[Saved entries]
+---+
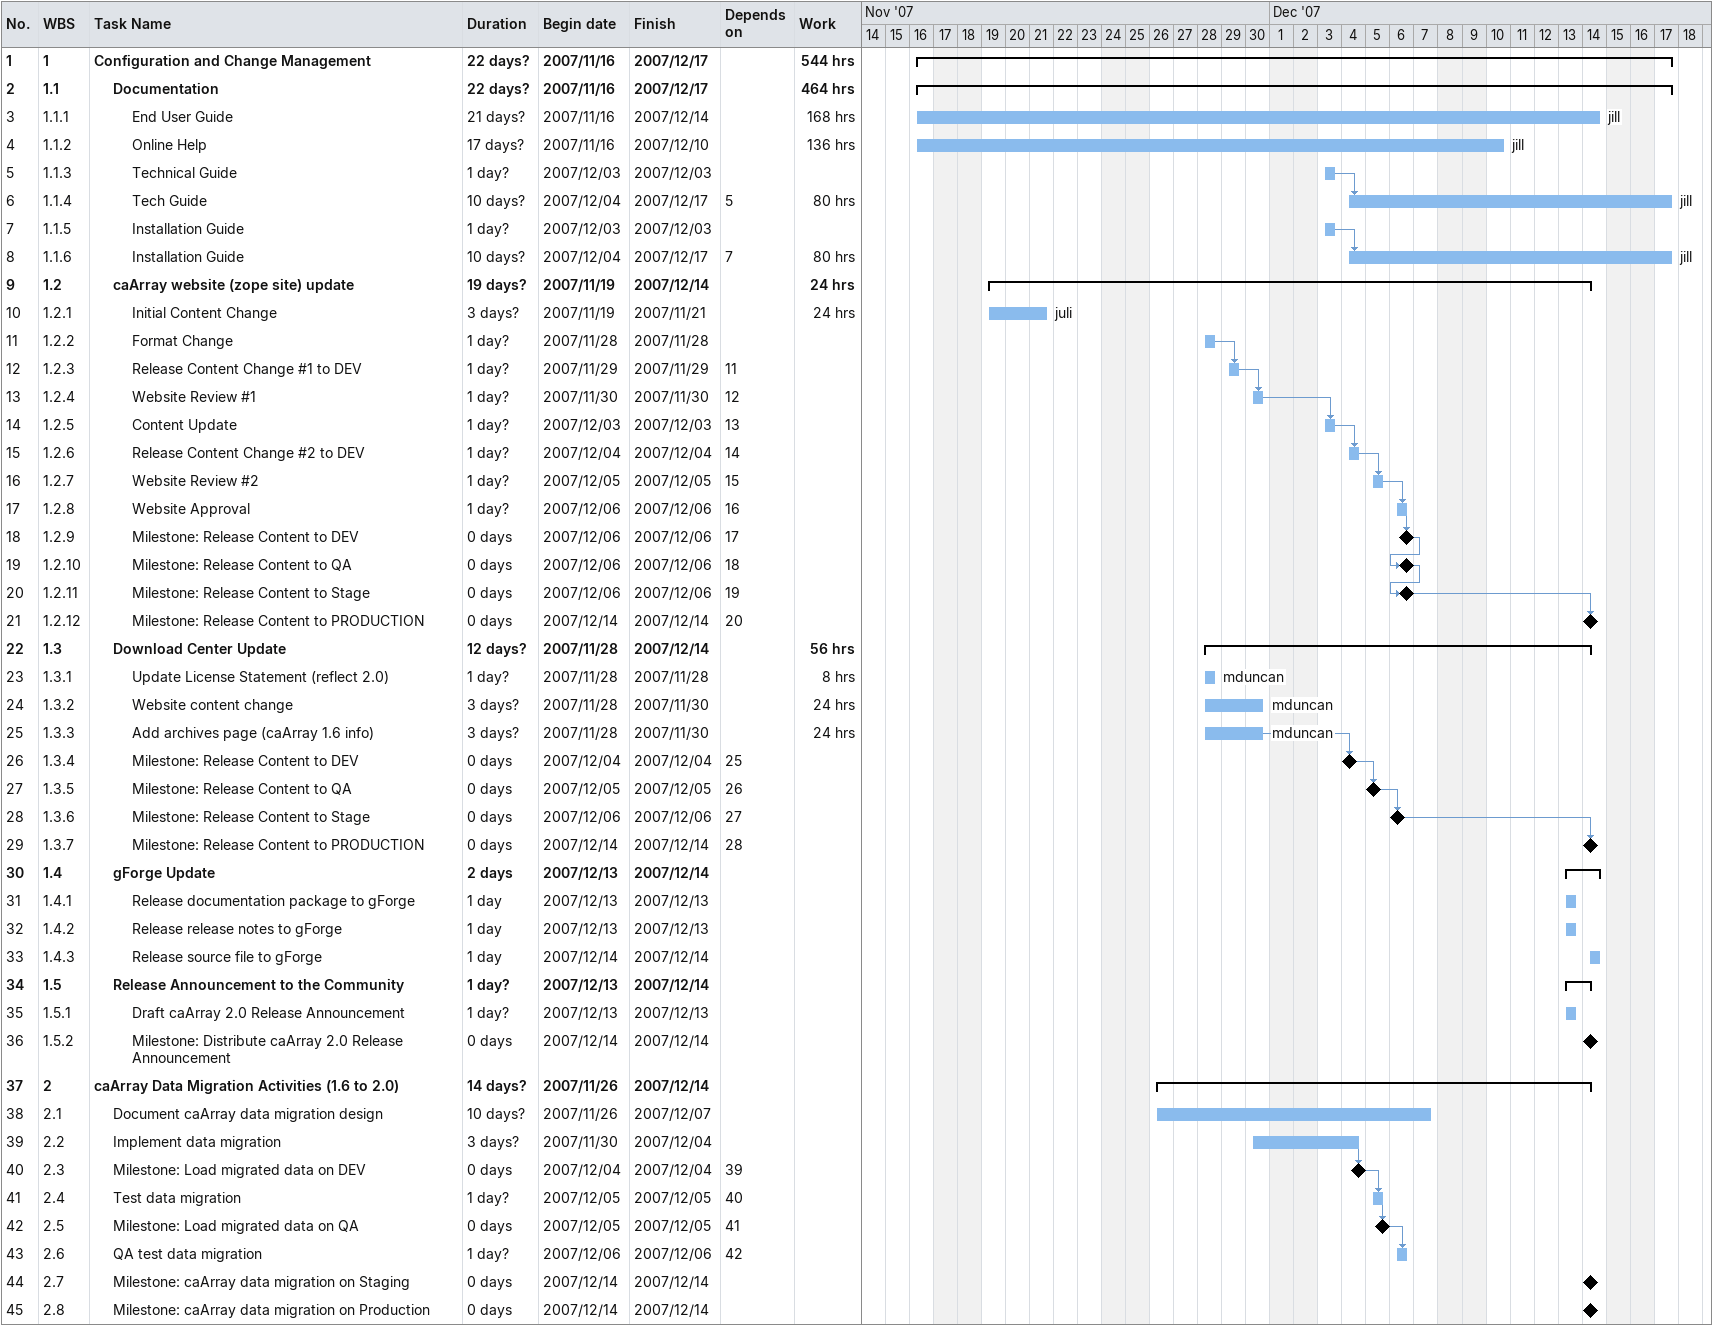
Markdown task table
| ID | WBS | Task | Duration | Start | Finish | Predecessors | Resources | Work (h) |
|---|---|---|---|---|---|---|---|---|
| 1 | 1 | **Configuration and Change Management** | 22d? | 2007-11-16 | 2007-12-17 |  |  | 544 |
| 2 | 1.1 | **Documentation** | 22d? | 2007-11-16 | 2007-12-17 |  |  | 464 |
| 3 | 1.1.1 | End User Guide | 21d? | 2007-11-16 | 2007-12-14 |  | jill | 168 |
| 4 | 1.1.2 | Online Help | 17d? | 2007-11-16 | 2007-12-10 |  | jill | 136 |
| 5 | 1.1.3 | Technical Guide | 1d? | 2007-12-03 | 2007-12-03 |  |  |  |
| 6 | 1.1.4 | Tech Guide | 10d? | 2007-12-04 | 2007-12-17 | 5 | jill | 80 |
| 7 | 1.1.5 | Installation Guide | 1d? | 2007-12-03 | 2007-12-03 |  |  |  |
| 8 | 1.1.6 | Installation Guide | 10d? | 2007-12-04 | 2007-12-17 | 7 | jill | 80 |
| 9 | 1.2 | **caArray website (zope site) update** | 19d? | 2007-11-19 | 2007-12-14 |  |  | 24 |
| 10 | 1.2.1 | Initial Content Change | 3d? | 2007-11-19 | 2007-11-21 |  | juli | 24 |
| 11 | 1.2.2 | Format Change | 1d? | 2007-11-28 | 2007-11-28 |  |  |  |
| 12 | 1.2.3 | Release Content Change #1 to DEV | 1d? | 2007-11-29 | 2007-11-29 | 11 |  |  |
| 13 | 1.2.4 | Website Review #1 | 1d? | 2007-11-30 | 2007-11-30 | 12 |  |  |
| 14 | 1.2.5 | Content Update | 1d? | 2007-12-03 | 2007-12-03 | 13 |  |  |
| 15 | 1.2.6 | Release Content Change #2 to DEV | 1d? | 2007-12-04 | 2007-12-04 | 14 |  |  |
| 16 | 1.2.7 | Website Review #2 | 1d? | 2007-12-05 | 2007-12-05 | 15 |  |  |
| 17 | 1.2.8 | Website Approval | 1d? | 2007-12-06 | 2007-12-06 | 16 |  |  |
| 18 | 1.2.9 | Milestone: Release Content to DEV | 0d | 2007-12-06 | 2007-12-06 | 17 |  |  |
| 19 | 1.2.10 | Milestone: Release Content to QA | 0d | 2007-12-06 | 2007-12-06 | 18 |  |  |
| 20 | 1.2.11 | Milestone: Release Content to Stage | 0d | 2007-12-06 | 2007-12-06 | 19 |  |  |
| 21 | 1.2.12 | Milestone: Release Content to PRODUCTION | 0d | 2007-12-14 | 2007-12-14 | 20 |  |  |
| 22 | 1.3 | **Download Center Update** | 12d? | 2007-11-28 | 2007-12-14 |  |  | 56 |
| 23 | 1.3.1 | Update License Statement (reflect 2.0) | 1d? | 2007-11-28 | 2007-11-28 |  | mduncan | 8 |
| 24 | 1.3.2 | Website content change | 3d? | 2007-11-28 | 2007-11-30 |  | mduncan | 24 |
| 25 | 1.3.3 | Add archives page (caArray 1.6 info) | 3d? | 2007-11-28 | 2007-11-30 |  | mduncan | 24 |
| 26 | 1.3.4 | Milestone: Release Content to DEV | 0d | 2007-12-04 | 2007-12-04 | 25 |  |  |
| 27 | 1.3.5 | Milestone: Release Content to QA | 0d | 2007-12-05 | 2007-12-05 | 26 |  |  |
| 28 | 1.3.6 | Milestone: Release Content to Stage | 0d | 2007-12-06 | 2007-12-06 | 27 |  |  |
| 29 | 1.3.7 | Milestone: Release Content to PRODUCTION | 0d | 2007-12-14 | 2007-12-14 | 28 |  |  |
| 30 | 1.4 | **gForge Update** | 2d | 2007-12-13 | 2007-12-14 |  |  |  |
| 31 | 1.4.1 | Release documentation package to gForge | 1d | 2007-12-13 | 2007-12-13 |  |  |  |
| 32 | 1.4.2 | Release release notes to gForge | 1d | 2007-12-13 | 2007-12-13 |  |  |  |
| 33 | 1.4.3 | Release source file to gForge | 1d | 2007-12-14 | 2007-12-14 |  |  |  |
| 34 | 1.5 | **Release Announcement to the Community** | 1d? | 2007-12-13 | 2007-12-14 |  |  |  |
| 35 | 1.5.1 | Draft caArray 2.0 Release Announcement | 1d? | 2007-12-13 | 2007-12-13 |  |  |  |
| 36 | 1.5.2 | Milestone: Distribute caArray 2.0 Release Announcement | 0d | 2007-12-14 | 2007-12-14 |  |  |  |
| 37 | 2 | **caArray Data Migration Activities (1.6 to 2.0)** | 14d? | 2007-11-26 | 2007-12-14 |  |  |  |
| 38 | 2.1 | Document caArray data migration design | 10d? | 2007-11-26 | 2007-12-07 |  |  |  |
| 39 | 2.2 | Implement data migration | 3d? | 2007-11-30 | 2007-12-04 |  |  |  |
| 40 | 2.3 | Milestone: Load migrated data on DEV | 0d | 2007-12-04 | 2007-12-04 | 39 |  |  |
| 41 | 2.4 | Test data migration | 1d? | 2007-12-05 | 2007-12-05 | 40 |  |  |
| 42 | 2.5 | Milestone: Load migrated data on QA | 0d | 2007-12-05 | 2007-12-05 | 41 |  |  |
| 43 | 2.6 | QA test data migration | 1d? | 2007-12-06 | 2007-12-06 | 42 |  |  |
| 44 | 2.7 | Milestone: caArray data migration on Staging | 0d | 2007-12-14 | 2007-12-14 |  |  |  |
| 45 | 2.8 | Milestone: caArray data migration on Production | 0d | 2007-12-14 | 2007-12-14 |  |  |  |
+---+
Brief:
The entries must be repeated exactly. Leave the images out.

Exercise answer:
Markdown task table
| ID | WBS | Task | Duration | Start | Finish | Predecessors | Resources | Work (h) |
|---|---|---|---|---|---|---|---|---|
| 1 | 1 | **Configuration and Change Management** | 22d? | 2007-11-16 | 2007-12-17 |  |  | 544 |
| 2 | 1.1 | **Documentation** | 22d? | 2007-11-16 | 2007-12-17 |  |  | 464 |
| 3 | 1.1.1 | End User Guide | 21d? | 2007-11-16 | 2007-12-14 |  | jill | 168 |
| 4 | 1.1.2 | Online Help | 17d? | 2007-11-16 | 2007-12-10 |  | jill | 136 |
| 5 | 1.1.3 | Technical Guide | 1d? | 2007-12-03 | 2007-12-03 |  |  |  |
| 6 | 1.1.4 | Tech Guide | 10d? | 2007-12-04 | 2007-12-17 | 5 | jill | 80 |
| 7 | 1.1.5 | Installation Guide | 1d? | 2007-12-03 | 2007-12-03 |  |  |  |
| 8 | 1.1.6 | Installation Guide | 10d? | 2007-12-04 | 2007-12-17 | 7 | jill | 80 |
| 9 | 1.2 | **caArray website (zope site) update** | 19d? | 2007-11-19 | 2007-12-14 |  |  | 24 |
| 10 | 1.2.1 | Initial Content Change | 3d? | 2007-11-19 | 2007-11-21 |  | juli | 24 |
| 11 | 1.2.2 | Format Change | 1d? | 2007-11-28 | 2007-11-28 |  |  |  |
| 12 | 1.2.3 | Release Content Change #1 to DEV | 1d? | 2007-11-29 | 2007-11-29 | 11 |  |  |
| 13 | 1.2.4 | Website Review #1 | 1d? | 2007-11-30 | 2007-11-30 | 12 |  |  |
| 14 | 1.2.5 | Content Update | 1d? | 2007-12-03 | 2007-12-03 | 13 |  |  |
| 15 | 1.2.6 | Release Content Change #2 to DEV | 1d? | 2007-12-04 | 2007-12-04 | 14 |  |  |
| 16 | 1.2.7 | Website Review #2 | 1d? | 2007-12-05 | 2007-12-05 | 15 |  |  |
| 17 | 1.2.8 | Website Approval | 1d? | 2007-12-06 | 2007-12-06 | 16 |  |  |
| 18 | 1.2.9 | Milestone: Release Content to DEV | 0d | 2007-12-06 | 2007-12-06 | 17 |  |  |
| 19 | 1.2.10 | Milestone: Release Content to QA | 0d | 2007-12-06 | 2007-12-06 | 18 |  |  |
| 20 | 1.2.11 | Milestone: Release Content to Stage | 0d | 2007-12-06 | 2007-12-06 | 19 |  |  |
| 21 | 1.2.12 | Milestone: Release Content to PRODUCTION | 0d | 2007-12-14 | 2007-12-14 | 20 |  |  |
| 22 | 1.3 | **Download Center Update** | 12d? | 2007-11-28 | 2007-12-14 |  |  | 56 |
| 23 | 1.3.1 | Update License Statement (reflect 2.0) | 1d? | 2007-11-28 | 2007-11-28 |  | mduncan | 8 |
| 24 | 1.3.2 | Website content change | 3d? | 2007-11-28 | 2007-11-30 |  | mduncan | 24 |
| 25 | 1.3.3 | Add archives page (caArray 1.6 info) | 3d? | 2007-11-28 | 2007-11-30 |  | mduncan | 24 |
| 26 | 1.3.4 | Milestone: Release Content to DEV | 0d | 2007-12-04 | 2007-12-04 | 25 |  |  |
| 27 | 1.3.5 | Milestone: Release Content to QA | 0d | 2007-12-05 | 2007-12-05 | 26 |  |  |
| 28 | 1.3.6 | Milestone: Release Content to Stage | 0d | 2007-12-06 | 2007-12-06 | 27 |  |  |
| 29 | 1.3.7 | Milestone: Release Content to PRODUCTION | 0d | 2007-12-14 | 2007-12-14 | 28 |  |  |
| 30 | 1.4 | **gForge Update** | 2d | 2007-12-13 | 2007-12-14 |  |  |  |
| 31 | 1.4.1 | Release documentation package to gForge | 1d | 2007-12-13 | 2007-12-13 |  |  |  |
| 32 | 1.4.2 | Release release notes to gForge | 1d | 2007-12-13 | 2007-12-13 |  |  |  |
| 33 | 1.4.3 | Release source file to gForge | 1d | 2007-12-14 | 2007-12-14 |  |  |  |
| 34 | 1.5 | **Release Announcement to the Community** | 1d? | 2007-12-13 | 2007-12-14 |  |  |  |
| 35 | 1.5.1 | Draft caArray 2.0 Release Announcement | 1d? | 2007-12-13 | 2007-12-13 |  |  |  |
| 36 | 1.5.2 | Milestone: Distribute caArray 2.0 Release Announcement | 0d | 2007-12-14 | 2007-12-14 |  |  |  |
| 37 | 2 | **caArray Data Migration Activities (1.6 to 2.0)** | 14d? | 2007-11-26 | 2007-12-14 |  |  |  |
| 38 | 2.1 | Document caArray data migration design | 10d? | 2007-11-26 | 2007-12-07 |  |  |  |
| 39 | 2.2 | Implement data migration | 3d? | 2007-11-30 | 2007-12-04 |  |  |  |
| 40 | 2.3 | Milestone: Load migrated data on DEV | 0d | 2007-12-04 | 2007-12-04 | 39 |  |  |
| 41 | 2.4 | Test data migration | 1d? | 2007-12-05 | 2007-12-05 | 40 |  |  |
| 42 | 2.5 | Milestone: Load migrated data on QA | 0d | 2007-12-05 | 2007-12-05 | 41 |  |  |
| 43 | 2.6 | QA test data migration | 1d? | 2007-12-06 | 2007-12-06 | 42 |  |  |
| 44 | 2.7 | Milestone: caArray data migration on Staging | 0d | 2007-12-14 | 2007-12-14 |  |  |  |
| 45 | 2.8 | Milestone: caArray data migration on Production | 0d | 2007-12-14 | 2007-12-14 |  |  |  |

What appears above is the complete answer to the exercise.